# Angora bedding



## ZoeStevens (Nov 8, 2012)

I just got my first bun, Abraham Lincoln, a male fawn English Angora. His cage is actually a large dog crate which he lives in when I am not home. I tried straw at first, for bedding, but it got all in his fur and around his bum, so I nixed that. Now I am using newspaper which is ok, but he kicks it around, and I figure it'll stain his fur eventually (I want to spin it). I was thinking that something ideal would be a towel or something but I have read that they can chew and ingest it. I don't care if he chews up a towel now and then but I don't want him to impact himself with it, of course.

Any ideas?

I use newspaper pellets for his litter box which is working out fine.


----------



## MiniLopHop (Nov 8, 2012)

As long as he's litter trained I would suggest using a small fleese blanket. It doesn't have the threads so it doens't risk the GI issues. 

Do you spin? I have an angora too and would so love to have a scarf made from his wool!


----------



## ZoeStevens (Nov 8, 2012)

Awesome idea! He is litter trained for peeing, not so much for pooping, but the poops are easy and don't bug me. I just got him a few days ago though so I am hopeful he will get better with that.

I do indeed spin! I have been using a spindle for a couple years and just got my spinning wheel this year. You should get a spindle, you can do it by hand and they are pretty cheap (I got mine on etsy from a seller called VikingSanta).
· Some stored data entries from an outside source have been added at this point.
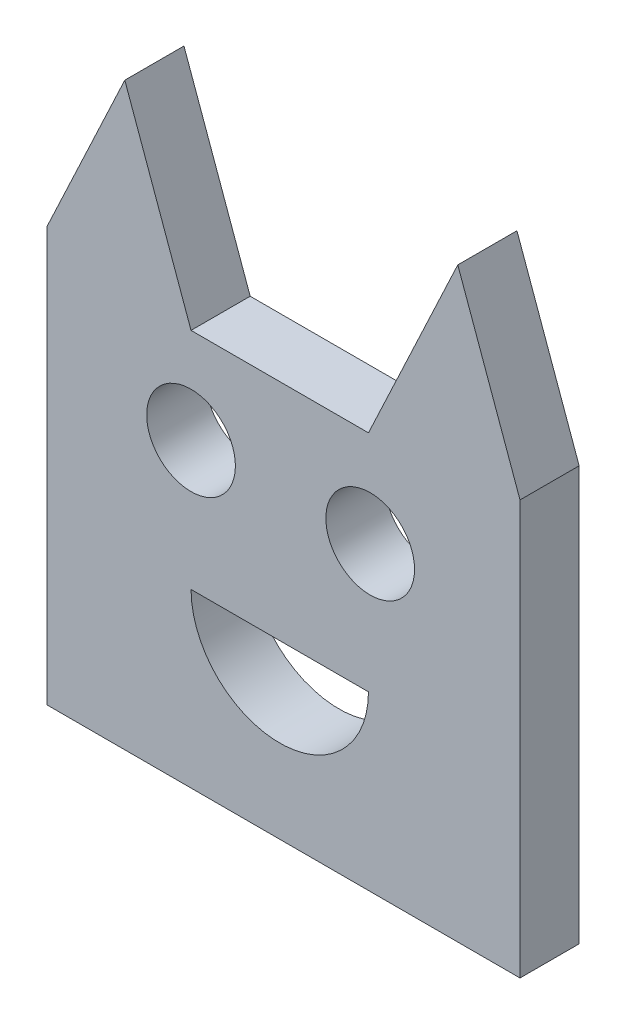
ISO-10303-21;
HEADER;
FILE_DESCRIPTION(('STEP AP214'),'2;1');
FILE_NAME('part.step','',(''),(''),'','','');
FILE_SCHEMA(('AUTOMOTIVE_DESIGN { 1 0 10303 214 1 1 1 1 }'));
ENDSEC;
DATA;
#1=APPLICATION_CONTEXT('core data for automotive mechanical design processes');
#2=APPLICATION_PROTOCOL_DEFINITION('international standard','automotive_design',2000,#1);
#3=PRODUCT_CONTEXT('',#1,'mechanical');
#4=PRODUCT('Part','Part','',(#3));
#5=PRODUCT_RELATED_PRODUCT_CATEGORY('part','',(#4));
#6=PRODUCT_DEFINITION_FORMATION('','',#4);
#7=PRODUCT_DEFINITION_CONTEXT('part definition',#1,'design');
#8=PRODUCT_DEFINITION('design','',#6,#7);
#9=PRODUCT_DEFINITION_SHAPE('','',#8);
#10=(LENGTH_UNIT() NAMED_UNIT(*) SI_UNIT(.MILLI.,.METRE.));
#11=(NAMED_UNIT(*) PLANE_ANGLE_UNIT() SI_UNIT($,.RADIAN.));
#12=(NAMED_UNIT(*) SI_UNIT($,.STERADIAN.) SOLID_ANGLE_UNIT());
#13=UNCERTAINTY_MEASURE_WITH_UNIT(LENGTH_MEASURE(1.E-05),#10,'distance_accuracy_value','');
#14=(GEOMETRIC_REPRESENTATION_CONTEXT(3) GLOBAL_UNCERTAINTY_ASSIGNED_CONTEXT((#13)) GLOBAL_UNIT_ASSIGNED_CONTEXT((#10,
#11,#12)) REPRESENTATION_CONTEXT('',''));
#15=CARTESIAN_POINT('',(0.,0.,0.));
#16=DIRECTION('',(0.,0.,1.));
#17=DIRECTION('',(1.,0.,0.));
#18=AXIS2_PLACEMENT_3D('',#15,#16,#17);
#19=CARTESIAN_POINT('',(15.6205948019353,-67.0160214677558,-10.));
#20=DIRECTION('',(0.,-1.,0.));
#21=DIRECTION('',(0.,0.,-1.));
#22=AXIS2_PLACEMENT_3D('',#19,#20,#21);
#23=PLANE('',#22);
#24=DIRECTION('',(1.,0.,0.));
#25=VECTOR('',#24,1.);
#26=CARTESIAN_POINT('',(15.6205948019353,-67.0160214677558,0.));
#27=LINE('',#26,#25);
#28=CARTESIAN_POINT('',(-24.3794051980646,-67.0160214677558,0.));
#29=VERTEX_POINT('',#28);
#30=CARTESIAN_POINT('',(55.6205948019354,-67.0160214677558,0.));
#31=VERTEX_POINT('',#30);
#32=EDGE_CURVE('E153',#29,#31,#27,.T.);
#33=ORIENTED_EDGE('',*,*,#32,.F.);
#34=DIRECTION('',(0.,0.,1.));
#35=VECTOR('',#34,1.);
#36=CARTESIAN_POINT('',(-24.3794051980646,-67.0160214677558,-10.));
#37=LINE('',#36,#35);
#38=CARTESIAN_POINT('',(-24.3794051980646,-67.0160214677558,-10.));
#39=VERTEX_POINT('',#38);
#40=EDGE_CURVE('E11',#39,#29,#37,.T.);
#41=ORIENTED_EDGE('',*,*,#40,.F.);
#42=DIRECTION('',(1.,0.,0.));
#43=VECTOR('',#42,1.);
#44=CARTESIAN_POINT('',(15.6205948019353,-67.0160214677558,-10.));
#45=LINE('',#44,#43);
#46=CARTESIAN_POINT('',(55.6205948019354,-67.0160214677558,-10.));
#47=VERTEX_POINT('',#46);
#48=EDGE_CURVE('E232',#39,#47,#45,.T.);
#49=ORIENTED_EDGE('',*,*,#48,.T.);
#50=DIRECTION('',(0.,0.,1.));
#51=VECTOR('',#50,1.);
#52=CARTESIAN_POINT('',(55.6205948019354,-67.0160214677558,-10.));
#53=LINE('',#52,#51);
#54=EDGE_CURVE('E185',#47,#31,#53,.T.);
#55=ORIENTED_EDGE('',*,*,#54,.T.);
#56=EDGE_LOOP('',(#33,#41,#49,#55));
#57=FACE_BOUND('',#56,.T.);
#58=ADVANCED_FACE('F31',(#57),#23,.T.);
#59=CARTESIAN_POINT('',(-24.3794051980646,-116.677394045434,-10.));
#60=DIRECTION('',(-1.,0.,0.));
#61=DIRECTION('',(0.,0.,1.));
#62=AXIS2_PLACEMENT_3D('',#59,#60,#61);
#63=PLANE('',#62);
#64=DIRECTION('',(0.,-1.,0.));
#65=VECTOR('',#64,1.);
#66=CARTESIAN_POINT('',(-24.3794051980646,-116.677394045434,0.));
#67=LINE('',#66,#65);
#68=CARTESIAN_POINT('',(-24.3794051980646,2.98397853224426,0.));
#69=VERTEX_POINT('',#68);
#70=EDGE_CURVE('E171',#69,#29,#67,.T.);
#71=ORIENTED_EDGE('',*,*,#70,.F.);
#72=DIRECTION('',(0.,0.,1.));
#73=VECTOR('',#72,1.);
#74=CARTESIAN_POINT('',(-24.3794051980646,2.98397853224426,-10.));
#75=LINE('',#74,#73);
#76=CARTESIAN_POINT('',(-24.3794051980646,2.98397853224426,-10.));
#77=VERTEX_POINT('',#76);
#78=EDGE_CURVE('E41',#77,#69,#75,.T.);
#79=ORIENTED_EDGE('',*,*,#78,.F.);
#80=DIRECTION('',(0.,-1.,0.));
#81=VECTOR('',#80,1.);
#82=CARTESIAN_POINT('',(-24.3794051980646,-116.677394045434,-10.));
#83=LINE('',#82,#81);
#84=EDGE_CURVE('E130',#77,#39,#83,.T.);
#85=ORIENTED_EDGE('',*,*,#84,.T.);
#86=ORIENTED_EDGE('',*,*,#40,.T.);
#87=EDGE_LOOP('',(#71,#79,#85,#86));
#88=FACE_BOUND('',#87,.T.);
#89=ADVANCED_FACE('F208',(#88),#63,.T.);
#90=CARTESIAN_POINT('',(-63.1993701005455,-79.6485223919343,-10.));
#91=DIRECTION('',(-0.905096679918776,0.425205832509396,0.));
#92=DIRECTION('',(-0.425205832509396,-0.905096679918776,0.));
#93=AXIS2_PLACEMENT_3D('',#90,#91,#92);
#94=PLANE('',#93);
#95=DIRECTION('',(-0.425205832509396,-0.905096679918776,0.));
#96=VECTOR('',#95,1.);
#97=CARTESIAN_POINT('',(-63.1993701005455,-79.6485223919343,0.));
#98=LINE('',#97,#96);
#99=CARTESIAN_POINT('',(-11.1980243902734,31.0419756097263,0.));
#100=VERTEX_POINT('',#99);
#101=EDGE_CURVE('E118',#100,#69,#98,.T.);
#102=ORIENTED_EDGE('',*,*,#101,.F.);
#103=DIRECTION('',(0.,0.,1.));
#104=VECTOR('',#103,1.);
#105=CARTESIAN_POINT('',(-11.1980243902734,31.0419756097263,-10.));
#106=LINE('',#105,#104);
#107=CARTESIAN_POINT('',(-11.1980243902734,31.0419756097263,-10.));
#108=VERTEX_POINT('',#107);
#109=EDGE_CURVE('E113',#108,#100,#106,.T.);
#110=ORIENTED_EDGE('',*,*,#109,.F.);
#111=DIRECTION('',(-0.425205832509396,-0.905096679918776,0.));
#112=VECTOR('',#111,1.);
#113=CARTESIAN_POINT('',(-63.1993701005455,-79.6485223919343,-10.));
#114=LINE('',#113,#112);
#115=EDGE_CURVE('E116',#108,#77,#114,.T.);
#116=ORIENTED_EDGE('',*,*,#115,.T.);
#117=ORIENTED_EDGE('',*,*,#78,.T.);
#118=EDGE_LOOP('',(#102,#110,#116,#117));
#119=FACE_BOUND('',#118,.T.);
#120=ADVANCED_FACE('F115',(#119),#94,.T.);
#121=CARTESIAN_POINT('',(39.0420983799109,-108.228364524231,-10.));
#122=DIRECTION('',(0.940665927567464,0.339334072432526,0.));
#123=DIRECTION('',(-0.339334072432526,0.940665927567464,0.));
#124=AXIS2_PLACEMENT_3D('',#121,#122,#123);
#125=PLANE('',#124);
#126=DIRECTION('',(-0.339334072432526,0.940665927567464,0.));
#127=VECTOR('',#126,1.);
#128=CARTESIAN_POINT('',(39.0420983799109,-108.228364524231,0.));
#129=LINE('',#128,#127);
#130=CARTESIAN_POINT('',(0.,0.,0.));
#131=VERTEX_POINT('',#130);
#132=EDGE_CURVE('E168',#131,#100,#129,.T.);
#133=ORIENTED_EDGE('',*,*,#132,.F.);
#134=DIRECTION('',(0.,0.,1.));
#135=VECTOR('',#134,1.);
#136=CARTESIAN_POINT('',(0.,0.,-10.));
#137=LINE('',#136,#135);
#138=CARTESIAN_POINT('',(0.,0.,-10.));
#139=VERTEX_POINT('',#138);
#140=EDGE_CURVE('E123',#139,#131,#137,.T.);
#141=ORIENTED_EDGE('',*,*,#140,.F.);
#142=DIRECTION('',(-0.339334072432526,0.940665927567464,0.));
#143=VECTOR('',#142,1.);
#144=CARTESIAN_POINT('',(39.0420983799109,-108.228364524231,-10.));
#145=LINE('',#144,#143);
#146=EDGE_CURVE('E129',#139,#108,#145,.T.);
#147=ORIENTED_EDGE('',*,*,#146,.T.);
#148=ORIENTED_EDGE('',*,*,#109,.T.);
#149=EDGE_LOOP('',(#133,#141,#147,#148));
#150=FACE_BOUND('',#149,.T.);
#151=ADVANCED_FACE('F132',(#150),#125,.T.);
#152=CARTESIAN_POINT('',(15.6205948019353,0.,-10.));
#153=DIRECTION('',(0.,-1.,0.));
#154=DIRECTION('',(0.,0.,-1.));
#155=AXIS2_PLACEMENT_3D('',#152,#153,#154);
#156=PLANE('',#155);
#157=DIRECTION('',(1.,0.,0.));
#158=VECTOR('',#157,1.);
#159=CARTESIAN_POINT('',(15.6205948019353,0.,0.));
#160=LINE('',#159,#158);
#161=CARTESIAN_POINT('',(30.,0.,0.));
#162=VERTEX_POINT('',#161);
#163=EDGE_CURVE('E165',#131,#162,#160,.T.);
#164=ORIENTED_EDGE('',*,*,#163,.T.);
#165=DIRECTION('',(0.,0.,1.));
#166=VECTOR('',#165,1.);
#167=CARTESIAN_POINT('',(30.,0.,-10.));
#168=LINE('',#167,#166);
#169=CARTESIAN_POINT('',(30.,0.,-10.));
#170=VERTEX_POINT('',#169);
#171=EDGE_CURVE('E177',#170,#162,#168,.T.);
#172=ORIENTED_EDGE('',*,*,#171,.F.);
#173=DIRECTION('',(1.,0.,0.));
#174=VECTOR('',#173,1.);
#175=CARTESIAN_POINT('',(15.6205948019353,0.,-10.));
#176=LINE('',#175,#174);
#177=EDGE_CURVE('E134',#139,#170,#176,.T.);
#178=ORIENTED_EDGE('',*,*,#177,.F.);
#179=ORIENTED_EDGE('',*,*,#140,.T.);
#180=EDGE_LOOP('',(#164,#172,#178,#179));
#181=FACE_BOUND('',#180,.T.);
#182=ADVANCED_FACE('F245',(#181),#156,.F.);
#183=CARTESIAN_POINT('',(-17.503370100546,-101.116069620251,-10.));
#184=DIRECTION('',(0.905096679918776,-0.425205832509396,0.));
#185=DIRECTION('',(0.425205832509396,0.905096679918776,0.));
#186=AXIS2_PLACEMENT_3D('',#183,#184,#185);
#187=PLANE('',#186);
#188=DIRECTION('',(0.425205832509397,0.905096679918776,0.));
#189=VECTOR('',#188,1.);
#190=CARTESIAN_POINT('',(-17.503370100546,-101.116069620251,0.));
#191=LINE('',#190,#189);
#192=CARTESIAN_POINT('',(45.1012385565271,32.1446222868356,0.));
#193=VERTEX_POINT('',#192);
#194=EDGE_CURVE('E162',#162,#193,#191,.T.);
#195=ORIENTED_EDGE('',*,*,#194,.T.);
#196=DIRECTION('',(0.,0.,1.));
#197=VECTOR('',#196,1.);
#198=CARTESIAN_POINT('',(45.1012385565271,32.1446222868356,-10.));
#199=LINE('',#198,#197);
#200=CARTESIAN_POINT('',(45.1012385565271,32.1446222868356,-10.));
#201=VERTEX_POINT('',#200);
#202=EDGE_CURVE('E180',#201,#193,#199,.T.);
#203=ORIENTED_EDGE('',*,*,#202,.F.);
#204=DIRECTION('',(0.425205832509397,0.905096679918776,0.));
#205=VECTOR('',#204,1.);
#206=CARTESIAN_POINT('',(-17.503370100546,-101.116069620251,-10.));
#207=LINE('',#206,#205);
#208=EDGE_CURVE('E136',#170,#201,#207,.T.);
#209=ORIENTED_EDGE('',*,*,#208,.F.);
#210=ORIENTED_EDGE('',*,*,#171,.T.);
#211=EDGE_LOOP('',(#195,#203,#209,#210));
#212=FACE_BOUND('',#211,.T.);
#213=ADVANCED_FACE('F242',(#212),#187,.F.);
#214=CARTESIAN_POINT('',(89.2106004201829,-90.1306726590768,-10.));
#215=DIRECTION('',(-0.940665927567464,-0.339334072432526,0.));
#216=DIRECTION('',(0.339334072432526,-0.940665927567464,0.));
#217=AXIS2_PLACEMENT_3D('',#214,#215,#216);
#218=PLANE('',#217);
#219=DIRECTION('',(0.339334072432526,-0.940665927567464,0.));
#220=VECTOR('',#219,1.);
#221=CARTESIAN_POINT('',(89.2106004201829,-90.1306726590768,0.));
#222=LINE('',#221,#220);
#223=CARTESIAN_POINT('',(55.6205948019353,2.98397853224426,0.));
#224=VERTEX_POINT('',#223);
#225=EDGE_CURVE('E159',#193,#224,#222,.T.);
#226=ORIENTED_EDGE('',*,*,#225,.T.);
#227=DIRECTION('',(0.,0.,1.));
#228=VECTOR('',#227,1.);
#229=CARTESIAN_POINT('',(55.6205948019353,2.98397853224426,-10.));
#230=LINE('',#229,#228);
#231=CARTESIAN_POINT('',(55.6205948019353,2.98397853224426,-10.));
#232=VERTEX_POINT('',#231);
#233=EDGE_CURVE('E183',#232,#224,#230,.T.);
#234=ORIENTED_EDGE('',*,*,#233,.F.);
#235=DIRECTION('',(0.339334072432526,-0.940665927567464,0.));
#236=VECTOR('',#235,1.);
#237=CARTESIAN_POINT('',(89.2106004201829,-90.1306726590768,-10.));
#238=LINE('',#237,#236);
#239=EDGE_CURVE('E246',#201,#232,#238,.T.);
#240=ORIENTED_EDGE('',*,*,#239,.F.);
#241=ORIENTED_EDGE('',*,*,#202,.T.);
#242=EDGE_LOOP('',(#226,#234,#240,#241));
#243=FACE_BOUND('',#242,.T.);
#244=ADVANCED_FACE('F221',(#243),#218,.F.);
#245=CARTESIAN_POINT('',(15.,-37.9283783783784,-10.));
#246=DIRECTION('',(0.,0.,1.));
#247=DIRECTION('',(1.,0.,0.));
#248=AXIS2_PLACEMENT_3D('',#245,#246,#247);
#249=CYLINDRICAL_SURFACE('',#248,15.);
#250=CARTESIAN_POINT('',(15.,-37.9283783783784,0.));
#251=DIRECTION('',(0.,0.,1.));
#252=DIRECTION('',(1.,0.,0.));
#253=AXIS2_PLACEMENT_3D('',#250,#251,#252);
#254=CIRCLE('',#253,15.);
#255=CARTESIAN_POINT('',(0.,-37.9283783783784,0.));
#256=VERTEX_POINT('',#255);
#257=CARTESIAN_POINT('',(30.,-37.9283783783783,0.));
#258=VERTEX_POINT('',#257);
#259=EDGE_CURVE('E141',#256,#258,#254,.T.);
#260=ORIENTED_EDGE('',*,*,#259,.T.);
#261=DIRECTION('',(0.,0.,1.));
#262=VECTOR('',#261,1.);
#263=CARTESIAN_POINT('',(30.,-37.9283783783783,-10.));
#264=LINE('',#263,#262);
#265=CARTESIAN_POINT('',(30.,-37.9283783783783,-10.));
#266=VERTEX_POINT('',#265);
#267=EDGE_CURVE('E186',#266,#258,#264,.T.);
#268=ORIENTED_EDGE('',*,*,#267,.F.);
#269=CARTESIAN_POINT('',(15.,-37.9283783783784,-10.));
#270=DIRECTION('',(0.,0.,1.));
#271=DIRECTION('',(1.,0.,0.));
#272=AXIS2_PLACEMENT_3D('',#269,#270,#271);
#273=CIRCLE('',#272,15.);
#274=CARTESIAN_POINT('',(0.,-37.9283783783784,-10.));
#275=VERTEX_POINT('',#274);
#276=EDGE_CURVE('E173',#275,#266,#273,.T.);
#277=ORIENTED_EDGE('',*,*,#276,.F.);
#278=DIRECTION('',(0.,0.,1.));
#279=VECTOR('',#278,1.);
#280=CARTESIAN_POINT('',(0.,-37.9283783783784,-10.));
#281=LINE('',#280,#279);
#282=EDGE_CURVE('E35',#275,#256,#281,.T.);
#283=ORIENTED_EDGE('',*,*,#282,.T.);
#284=EDGE_LOOP('',(#260,#268,#277,#283));
#285=FACE_BOUND('',#284,.T.);
#286=ADVANCED_FACE('F33',(#285),#249,.F.);
#287=CARTESIAN_POINT('',(0.,-16.1100470035253,-10.));
#288=DIRECTION('',(0.,0.,1.));
#289=DIRECTION('',(1.,0.,0.));
#290=AXIS2_PLACEMENT_3D('',#287,#288,#289);
#291=CYLINDRICAL_SURFACE('',#290,7.5);
#292=CARTESIAN_POINT('',(0.,-16.1100470035253,-10.));
#293=DIRECTION('',(0.,0.,1.));
#294=DIRECTION('',(1.,0.,0.));
#295=AXIS2_PLACEMENT_3D('',#292,#293,#294);
#296=CIRCLE('',#295,7.5);
#297=CARTESIAN_POINT('',(7.5,-16.1100470035253,-10.));
#298=VERTEX_POINT('',#297);
#299=EDGE_CURVE('E225',#298,#298,#296,.T.);
#300=ORIENTED_EDGE('',*,*,#299,.F.);
#301=EDGE_LOOP('',(#300));
#302=FACE_BOUND('',#301,.T.);
#303=CARTESIAN_POINT('',(0.,-16.1100470035253,0.));
#304=DIRECTION('',(0.,0.,1.));
#305=DIRECTION('',(1.,0.,0.));
#306=AXIS2_PLACEMENT_3D('',#303,#304,#305);
#307=CIRCLE('',#306,7.5);
#308=CARTESIAN_POINT('',(7.5,-16.1100470035253,0.));
#309=VERTEX_POINT('',#308);
#310=EDGE_CURVE('E150',#309,#309,#307,.T.);
#311=ORIENTED_EDGE('',*,*,#310,.T.);
#312=EDGE_LOOP('',(#311));
#313=FACE_BOUND('',#312,.T.);
#314=ADVANCED_FACE('F204',(#302,#313),#291,.F.);
#315=CARTESIAN_POINT('',(30.2917862155634,-16.1100470035253,-10.));
#316=DIRECTION('',(0.,0.,1.));
#317=DIRECTION('',(1.,0.,0.));
#318=AXIS2_PLACEMENT_3D('',#315,#316,#317);
#319=CYLINDRICAL_SURFACE('',#318,7.5);
#320=CARTESIAN_POINT('',(30.2917862155634,-16.1100470035253,-10.));
#321=DIRECTION('',(0.,0.,1.));
#322=DIRECTION('',(1.,0.,0.));
#323=AXIS2_PLACEMENT_3D('',#320,#321,#322);
#324=CIRCLE('',#323,7.5);
#325=CARTESIAN_POINT('',(37.7917862155634,-16.1100470035253,-10.));
#326=VERTEX_POINT('',#325);
#327=EDGE_CURVE('E252',#326,#326,#324,.T.);
#328=ORIENTED_EDGE('',*,*,#327,.F.);
#329=EDGE_LOOP('',(#328));
#330=FACE_BOUND('',#329,.T.);
#331=CARTESIAN_POINT('',(30.2917862155634,-16.1100470035253,0.));
#332=DIRECTION('',(0.,0.,1.));
#333=DIRECTION('',(1.,0.,0.));
#334=AXIS2_PLACEMENT_3D('',#331,#332,#333);
#335=CIRCLE('',#334,7.5);
#336=CARTESIAN_POINT('',(37.7917862155634,-16.1100470035253,0.));
#337=VERTEX_POINT('',#336);
#338=EDGE_CURVE('E147',#337,#337,#335,.T.);
#339=ORIENTED_EDGE('',*,*,#338,.T.);
#340=EDGE_LOOP('',(#339));
#341=FACE_BOUND('',#340,.T.);
#342=ADVANCED_FACE('F197',(#330,#341),#319,.F.);
#343=CARTESIAN_POINT('',(15.6205948019353,-37.9283783783784,-10.));
#344=DIRECTION('',(0.,-1.,0.));
#345=DIRECTION('',(1.,0.,0.));
#346=AXIS2_PLACEMENT_3D('',#343,#344,#345);
#347=PLANE('',#346);
#348=DIRECTION('',(1.,0.,0.));
#349=VECTOR('',#348,1.);
#350=CARTESIAN_POINT('',(15.6205948019353,-37.9283783783784,0.));
#351=LINE('',#350,#349);
#352=EDGE_CURVE('E144',#256,#258,#351,.T.);
#353=ORIENTED_EDGE('',*,*,#352,.F.);
#354=ORIENTED_EDGE('',*,*,#282,.F.);
#355=DIRECTION('',(1.,0.,0.));
#356=VECTOR('',#355,1.);
#357=CARTESIAN_POINT('',(15.6205948019353,-37.9283783783784,-10.));
#358=LINE('',#357,#356);
#359=EDGE_CURVE('E255',#275,#266,#358,.T.);
#360=ORIENTED_EDGE('',*,*,#359,.T.);
#361=ORIENTED_EDGE('',*,*,#267,.T.);
#362=EDGE_LOOP('',(#353,#354,#360,#361));
#363=FACE_BOUND('',#362,.T.);
#364=ADVANCED_FACE('F194',(#363),#347,.T.);
#365=CARTESIAN_POINT('',(55.6205948019354,-116.677394045434,-10.));
#366=DIRECTION('',(1.,0.,0.));
#367=DIRECTION('',(0.,0.,-1.));
#368=AXIS2_PLACEMENT_3D('',#365,#366,#367);
#369=PLANE('',#368);
#370=DIRECTION('',(0.,1.,0.));
#371=VECTOR('',#370,1.);
#372=CARTESIAN_POINT('',(55.6205948019354,-116.677394045434,0.));
#373=LINE('',#372,#371);
#374=EDGE_CURVE('E156',#31,#224,#373,.T.);
#375=ORIENTED_EDGE('',*,*,#374,.F.);
#376=ORIENTED_EDGE('',*,*,#54,.F.);
#377=DIRECTION('',(0.,1.,0.));
#378=VECTOR('',#377,1.);
#379=CARTESIAN_POINT('',(55.6205948019354,-116.677394045434,-10.));
#380=LINE('',#379,#378);
#381=EDGE_CURVE('E236',#47,#232,#380,.T.);
#382=ORIENTED_EDGE('',*,*,#381,.T.);
#383=ORIENTED_EDGE('',*,*,#233,.T.);
#384=EDGE_LOOP('',(#375,#376,#382,#383));
#385=FACE_BOUND('',#384,.T.);
#386=ADVANCED_FACE('F196',(#385),#369,.T.);
#387=CARTESIAN_POINT('',(15.6205948019353,-116.677394045434,-10.));
#388=DIRECTION('',(0.,0.,1.));
#389=DIRECTION('',(1.,0.,0.));
#390=AXIS2_PLACEMENT_3D('',#387,#388,#389);
#391=PLANE('',#390);
#392=ORIENTED_EDGE('',*,*,#276,.T.);
#393=ORIENTED_EDGE('',*,*,#359,.F.);
#394=EDGE_LOOP('',(#392,#393));
#395=FACE_BOUND('',#394,.T.);
#396=ORIENTED_EDGE('',*,*,#327,.T.);
#397=EDGE_LOOP('',(#396));
#398=FACE_BOUND('',#397,.T.);
#399=ORIENTED_EDGE('',*,*,#299,.T.);
#400=EDGE_LOOP('',(#399));
#401=FACE_BOUND('',#400,.T.);
#402=ORIENTED_EDGE('',*,*,#48,.F.);
#403=ORIENTED_EDGE('',*,*,#84,.F.);
#404=ORIENTED_EDGE('',*,*,#115,.F.);
#405=ORIENTED_EDGE('',*,*,#146,.F.);
#406=ORIENTED_EDGE('',*,*,#177,.T.);
#407=ORIENTED_EDGE('',*,*,#208,.T.);
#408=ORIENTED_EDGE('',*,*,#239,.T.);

Otherwise, if you like, send it my way and I'll spin it and knit a scarf for you .


----------



## Korr_and_Sophie (Nov 8, 2012)

Fleece is really good for long furred bunnies. It is also cheap compared to other bedding since you only need a couple blankets per rabbit and can wash them. I used fleece with my angoras and never had a problem with them. 

For hay, you do want to keep it off the floor of the cage to help keep it out of the wool. It is easy enough to get out, but also a bit annoying to have to deal with. 

If he is litter trained, he will be much cleaner and you won't have to worry about tons of stuff getting into his wool.


----------



## PixelGirl2dot0 (Nov 8, 2012)

Awww congrats on your English Angora! I bought a hank of fleece on super discount at our local craft store and cut it into 4 little "blankies" for my English Angora girl. She's litter trained for the most part, but still has an oopser as she's only 6 mos. old, so having more than one on hand is awesome for a quick changeout, and then you can just throw the dirty one in the wash. I got the "short napped" fleece, and she doesn't really chew it at all, just pushes it around to nest in it.


----------



## ldoerr (Nov 8, 2012)

I agree with the fleece or just leaving the plastic base bare. The pan should have enough traction on its own and it easy to clean up.


----------



## MiniLopHop (Nov 9, 2012)

Thank you! I have seen the spindles but wasn't sure how easy they would be to work with. I will have to get one. Luckily I have been saving his wool so I have several bags of it to work with. 

This is from earlier this summer. He was so hot that when I started plucking loose wool it just kept coming out until he was basically bald! Now he's all back to fluff.


----------



## HolyHandGrenade (Nov 9, 2012)

Mine lives in a dog crate too, and I just have her litter box and the plastic tray that came with the crate in there (and toys of course). I gave her a fleece blanket, but she just shoves it over and lays on the bare tray. It's slightly textured plastic, and her feet look fine.

The one time I've caught her kinda laying on the fleece:


----------



## dungeonbunnies (Nov 9, 2012)

MiniLopHop, that looks like the time Mike was helping Harold shed, we filled a plastic grocery bag with the fur! lol





I'm glad someone asked about this though, I had a similar question about my lionhead's bedding.


----------



## ZoeStevens (Nov 9, 2012)

Drop spindles are really easy to work with. I recommend a top whorl spindle. Maybe sure you get one with a hook on top and a little groove in the disk for the yarn to rest in. There are lots of great videos on you tube too.

I would recommend you get a little bit of crappy fiber to practice with - check around for local sheep or alpaca farms and see what you can find. Use dog brushes to card it on the cheap. Or get a couple oz of pre-made roving or top from ebay or something.

The nice thing about a angora is that you don't need to comb or brush it, just spin straight from the locks!


----------